崔絕想了一下,也沒想明白,今天也不是啥特殊日子。
「嗯,叫你來是想問你,為師對你如此態度,你可恨過?」大師傅目光氣深邃,注視著崔絕的一舉一動。
「師傅態度嚴厲,那都是為了徒兒。」崔絕沒有說假話,雖然師傅嚴厲的時候,的確有點嚇到他,甚至當時就想給這老頭來幾悶棍,但回頭一想,嚴師出高徒。
「嗯,你能這樣想,為師很欣慰,也能放心將衣缽傾囊相授。
為師很想教授你到功德圓滿的那一天,可是為師日子不多了。」大師傅眼神灰暗。
「師傅,你的人生路還長著,會長命百歲的。」崔絕莫名覺得有些感傷,師傅對他的嚴厲,他刻骨銘心,對他的好,片刻不曾忘記。
「傻孩子,生老病死乃是人之常情。
很多人都想長命百歲,可是真正做到的沒幾個。
為師知道自己的情況,諾∼這是清風哉食譜。
傳授你食譜前,為師問你,你可知為什麼他們稱呼為師為鬼廚?」大師傅取出來一本泛黃的線裝古籍。

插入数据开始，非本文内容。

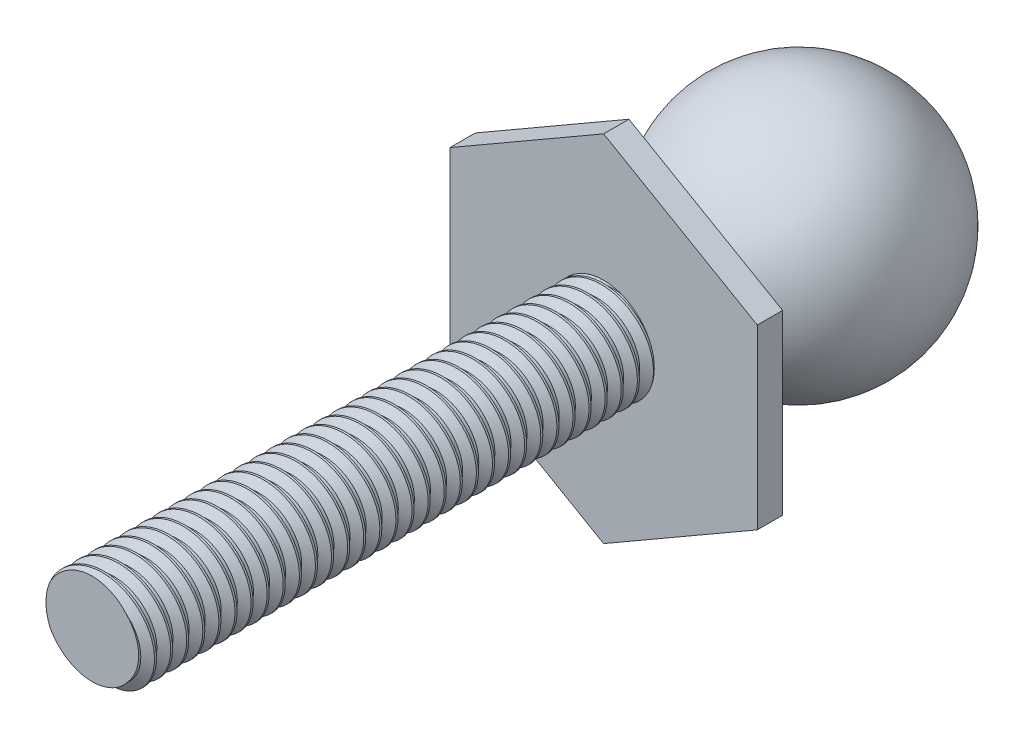
SolidWorks part; units mm, degrees
ref_plane "Front Plane" through (0, 0, 0) normal (0, 0, 1) x (1, 0, 0)
ref_plane "Top Plane" through (0, 0, 0) normal (0, 1, 0) x (1, 0, 0)
ref_plane "Right Plane" through (0, 0, 0) normal (1, 0, 0) x (0, 0, -1)
sketch "Sketch2" plane through (0, 0, 0) normal (0, 1, 0) x (1, 0, 0)
  line L2 (-1, -1.9034) -> (-3.5, -1.9034)
  line L3 (-3.5, -1.9034) -> (-3.5, -2.4034)
  line L4 (-3.5, -2.4034) -> (-1, -2.4034)
  line L5 (-1, -2.4034) -> (-1, -12.4034)
  line L6 (-1, -12.4034) -> (0, -12.4034)
  line L7 (0, 3.9466) -> (0, -12.4034)
  arc A2 (0, 3.9466) -> (-1.1945, -0.7496) centre (0, 1.4466) ccw
  arc A3 (-1.1945, -0.7496) -> (-1, -1.9034) centre (-1.5498, -1.4028) cw
  dimension "D5" = 2.5
  dimension "D1" = 0.5
  dimension "D2" = 1
  dimension "D3" = 10
  dimension "D4" = 2.5
  dimension "16.35" = 16.35
revolve "Revolve2" add sketch "Sketch2" angle 360 about L7
thread "Thread2" pitch 0.3175 profile "Thread Profile2" start angle 0, offset 0.3, length 10.5, pitch 0.3175, diameter 2
ref_plane "Plane2" through (1, 0, 2.1034) normal (0, -1, 0) x (1, 0, 0)
sketch "Thread Profile2" plane through (1, 0, 2.1034) normal (0, -1, 0) x (1, 0, 0)
  line L0 (0, 0) -> (0, 0.3175) construction
  line L11 (0, 0) -> (0, 0.2778)
  line L12 (0, 0.2778) -> (-0.1719, 0.1786)
  line L13 (-0.1719, 0.1786) -> (-0.1719, 0.0992)
  line L15 (-0.1719, 0.0992) -> (0, 0)
  line L17 (-0.1719, 0.1389) -> (0, 0.1389) construction
  point P2 (0, 0)
  dimension "Pitch" = 0.3175
  dimension "Profile_Angle" = 60
  dimension "Profile_Land" = 0.0794
  dimension "Profile_Height" = 0.1719
sketch "Sketch8" plane through (0, 0, 1.9034) normal (0, 0, -1) x (-1, 0, 0)
  line L1 (0, -3.5) -> (3.0311, -1.75)
  line L2 (3.0311, -1.75) -> (3.0311, 1.75)
  line L3 (3.0311, 1.75) -> (0, 3.5)
  line L4 (0, 3.5) -> (-3.0311, 1.75)
  line L5 (-3.0311, 1.75) -> (-3.0311, -1.75)
  line L6 (-3.0311, -1.75) -> (0, -3.5)
  circle A0 centre (0, 0) radius 3.0311 construction
extrude "Cut-Extrude1" cut sketch "Sketch8" against normal blind 10 flip side to cut

「師傅,您刀功變化莫測,廚藝舉世無雙,為人性格古怪,所以他們都叫你鬼廚!」崔絕想當然的認為。
大師傅搖搖頭,似乎回憶起不開心的事情。
嘆息一聲,大師傅開口:「那都是外面的說法。
我們這一脈,自古相傳,可是善終的寥寥無幾。
你可知為啥?」
崔絕搖搖頭,這他還真不知道。
「那是因為,我們這一脈,有一個特色,那就是八道禁忌。
八道禁忌,每做一道都會讓自身受到損害。
這八道禁忌就在請風哉後面幾篇。
你可以看,但不能學。」大師傅神情嚴肅,當時他的就這樣說,可是都怪他好奇心太重,最終導致如今一大把歲數,命中注定無姻緣。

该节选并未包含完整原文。